Ibrahim has spoken about the potential queasiness of putting a refugee camp onstage, noting that the seed of Multiple Casualty Incident came from seeking a new way for an audience to engage with refugee camps without a ‘too voyeuristic’ mode of representation. Represented on a stage in London, how can a world be evoked that is realistic, full, ethical, fair? Multiple Casualty Incident finds neat expression for these anxieties in the inherently theatrical nature of the characters’ rehearsal process. They make forms of theatre in the exercises, first stilted, halting, before bursting into a more urgent semblance of ‘real’-ness later on. Thus the play doubles as an ethical investigation of aid work and of theatre itself.
One way to conceive of theatre is as an act of preparation – a simulation of the world which readies us to go out into it and interact with it. It is a radical, activist, often-hopeful view of theatre, though is at danger of over-instrumentalising the form. The characters are playing at the role of aid worker in their training, but, as the play gently invites us to consider, this role always remains a performance, just with higher stakes, greater risk, and (hopefully, perhaps dubiously) more direct positive impact. The lack of answers to the exercises signals the messiness of a reality which cannot be reduced to a test.

The genius of Multiple Casualty Incident is the way it plays out miniature ethical crises that underpin all representation. Deliberately unspecific, the region in which the play’s humanitarian disaster is unfolding is inherently othered, and Ibrahim notes war-torn regions can have their cultural complexity telescoped down in the imagination. In a short scene early in the play, Dan offers misplaced condolences when news arrives of an incident with one hundred casualties in the same (unspecified) country as Khaled’s family.
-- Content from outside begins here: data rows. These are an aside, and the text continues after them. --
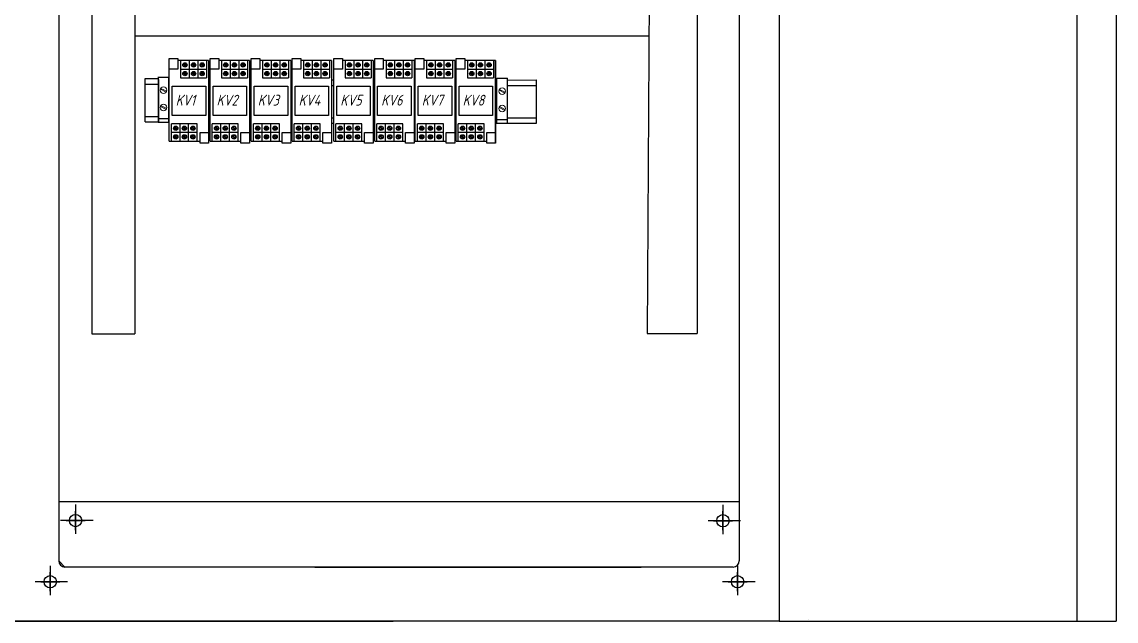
# Model space of a CAD drawing. Header units: millimetres. Extents: x 3980 to 4600, y -5280 to -3332.
# Drawn here: x 4118.4 to 4295.7, y -5054.9 to -4957.9 of the extents above; entities that cross this region are included whole.
import ezdxf

# ---------------------------------------------------------------- set-up
doc = ezdxf.new("R2010")
doc.units = ezdxf.units.MM
doc.layers.add('ссылки', color=7, linetype='Continuous')
doc.styles.add('ЕСКД', font='', dxfattribs={"oblique": 15, "height": 2.5})
doc.styles.get('ЕСКД').set_extended_font_data('GOST type A')

msp = doc.modelspace()

# ---------------------------------------------------------------- linework, layer by layer
at = {"color": 7, "lineweight": 30}
for p, q in [((4241.074, -4891.771), (4241.074, -5054.942)), ((4289.303, -4891.771), (4289.303, -5054.942)), ((4295.653, -4891.771), (4295.653, -5054.942)), ((4124.335, -4901.521), (4124.335, -5045.192)), ((4234.584, -4901.521), (4234.584, -5007.534)), ((4124.335, -4910.428), (4124.335, -5019.645)), ((4124.335, -4910.478), (4124.335, -5019.645)), ((4234.584, -4910.528), (4234.584, -5045.192)), ((4129.683, -4910.813), (4129.683, -5008.412)), ((4136.683, -4910.813), (4136.683, -5008.412)), ((4220.273, -4910.813), (4219.669, -5008.375)), ((4227.792, -4910.813), (4227.792, -5008.375)), ((4136.683, -4960.184), (4219.968, -4960.184)), ((4138.319, -4974.118), (4138.319, -4967.118)), ((4140.489, -4966.894), (4142.169, -4966.894)), ((4140.489, -4974.244), (4140.489, -4966.894)), ((4140.499, -4974.201), (4140.499, -4966.851)), ((4140.501, -4974.162), (4140.501, -4966.851)), ((4142.169, -4974.244), (4142.169, -4966.894)), ((4142.169, -4974.244), (4142.169, -4967.244)), ((4195.346, -4967.057), (4197.026, -4967.057)), ((4195.346, -4974.407), (4195.346, -4967.057)), ((4197.026, -4974.407), (4197.026, -4967.057)), ((4201.725, -4974.332), (4201.725, -4967.332)), ((4197.026, -4974.407), (4197.026, -4967.407)), ((4142.169, -4974.244), (4140.489, -4974.244)), ((4197.026, -4974.407), (4195.346, -4974.407)), ((4124.335, -5035.589), (4234.584, -5035.589)), ((4233.584, -5046.192), (4125.335, -5046.192)), ((4241.074, -5054.942), (4116.21, -5054.942)), ((4241.074, -5054.942), (4295.653, -5054.942))]:
    msp.add_line(p, q, dxfattribs=at)
at = {"lineweight": 30}
for p, q in [((4142.243, -4963.858), (4143.643, -4963.858)), ((4142.243, -4977.246), (4142.243, -4963.858)), ((4143.643, -4965.608), (4142.243, -4965.608)), ((4143.643, -4963.858), (4143.643, -4965.608)), ((4148.631, -4964.208), (4143.643, -4964.208)), ((4148.631, -4964.208), (4148.631, -4977.596)), ((4148.866, -4963.858), (4150.266, -4963.858)), ((4148.866, -4977.246), (4148.866, -4963.858)), ((4150.266, -4965.608), (4148.866, -4965.608)), ((4150.266, -4963.858), (4150.266, -4965.608)), ((4155.254, -4964.208), (4150.266, -4964.208)), ((4155.254, -4964.208), (4155.254, -4977.596)), ((4155.534, -4963.858), (4156.934, -4963.858)), ((4155.534, -4977.246), (4155.534, -4963.858)), ((4156.934, -4965.608), (4155.534, -4965.608)), ((4156.934, -4963.858), (4156.934, -4965.608)), ((4161.921, -4964.208), (4156.934, -4964.208)), ((4161.921, -4964.208), (4161.921, -4977.596)), ((4162.157, -4963.858), (4163.557, -4963.858)), ((4162.157, -4977.246), (4162.157, -4963.858)), ((4163.557, -4965.608), (4162.157, -4965.608)), ((4163.557, -4963.858), (4163.557, -4965.608)), ((4168.544, -4964.208), (4163.557, -4964.208)), ((4168.544, -4964.208), (4168.544, -4977.596)), ((4168.906, -4963.858), (4170.306, -4963.858)), ((4168.906, -4977.246), (4168.906, -4963.858)), ((4170.306, -4965.608), (4168.906, -4965.608)), ((4170.306, -4963.858), (4170.306, -4965.608)), ((4175.293, -4964.208), (4170.306, -4964.208)), ((4175.293, -4964.208), (4175.293, -4977.596)), ((4175.529, -4963.858), (4176.929, -4963.858)), ((4175.529, -4977.246), (4175.529, -4963.858)), ((4176.929, -4965.608), (4175.529, -4965.608)), ((4176.929, -4963.858), (4176.929, -4965.608)), ((4181.916, -4964.208), (4176.929, -4964.208)), ((4181.916, -4964.208), (4181.916, -4977.596)), ((4182.106, -4963.858), (4183.506, -4963.858)), ((4182.106, -4977.246), (4182.106, -4963.858)), ((4183.506, -4965.608), (4182.106, -4965.608)), ((4183.506, -4963.858), (4183.506, -4965.608)), ((4188.493, -4964.208), (4183.506, -4964.208)), ((4188.493, -4964.208), (4188.493, -4977.596)), ((4188.729, -4963.858), (4190.129, -4963.858)), ((4188.729, -4977.246), (4188.729, -4963.858)), ((4190.129, -4965.608), (4188.729, -4965.608)), ((4190.129, -4963.858), (4190.129, -4965.608)), ((4195.116, -4964.208), (4190.129, -4964.208)), ((4195.116, -4964.208), (4195.116, -4977.596)), ((4195.116, -4977.596), (4195.116, -4964.208)), ((4142.725, -4968.364), (4148.15, -4968.364)), ((4142.725, -4973.089), (4142.725, -4968.364)), ((4148.15, -4968.364), (4148.15, -4973.089)), ((4149.347, -4968.364), (4154.772, -4968.364)), ((4149.347, -4973.089), (4149.347, -4968.364)), ((4154.772, -4968.364), (4154.772, -4973.089)), ((4156.015, -4968.364), (4161.44, -4968.364)), ((4156.015, -4973.089), (4156.015, -4968.364)), ((4161.44, -4968.364), (4161.44, -4973.089)), ((4162.638, -4968.364), (4168.063, -4968.364)), ((4162.638, -4973.089), (4162.638, -4968.364)), ((4168.063, -4968.364), (4168.063, -4973.089)), ((4169.387, -4968.364), (4174.812, -4968.364)), ((4169.387, -4973.089), (4169.387, -4968.364)), ((4174.812, -4968.364), (4174.812, -4973.089)), ((4176.01, -4968.364), (4181.435, -4968.364)), ((4176.01, -4973.089), (4176.01, -4968.364)), ((4181.435, -4968.364), (4181.435, -4973.089)), ((4182.587, -4968.364), (4188.012, -4968.364)), ((4182.587, -4973.089), (4182.587, -4968.364)), ((4188.012, -4968.364), (4188.012, -4973.089)), ((4189.21, -4968.364), (4194.635, -4968.364)), ((4189.21, -4973.089), (4189.21, -4968.364)), ((4194.635, -4968.364), (4194.635, -4973.089)), ((4148.15, -4973.089), (4142.725, -4973.089)), ((4154.772, -4973.089), (4149.347, -4973.089)), ((4161.44, -4973.089), (4156.015, -4973.089)), ((4168.063, -4973.089), (4162.638, -4973.089)), ((4174.812, -4973.089), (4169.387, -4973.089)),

Khaled retorts that his family is from a different region, somewhere as remote from it as Dublin is from Norwich.
Though Multiple Casualty Incident collapses its walls of reality inward, Woodcock-Stewart and Ibrahim ensure that coherence triumphs over confusion, lucidly and movingly engaging with the stakes of incidents on every scale – interpersonal, romantic, workplace, geopolitical. In places, there are shades of the infamous (though highly inconclusive) Stanford Prison Guards experiment, with characters getting caught up within a monstrous fantasy. However, Ibrahim moves the play into far more interesting, morally ambivalent territory. There is something disconcertingly unethical about Khaled and Sarah’s fantasies, playing out against a backdrop of distant human suffering, yet the play lacks easy condemnation. The characters’ entanglements are simultaneously touching, grotesque and achingly human. Instead, it ambivalently questions the extent to which theatrical performance is the ‘empathy machine’ it is sometimes held up as. However much we might like theatre to be a tool to help us enrich our understanding of the world and of others, perhaps it mainly helps us to understand ourselves.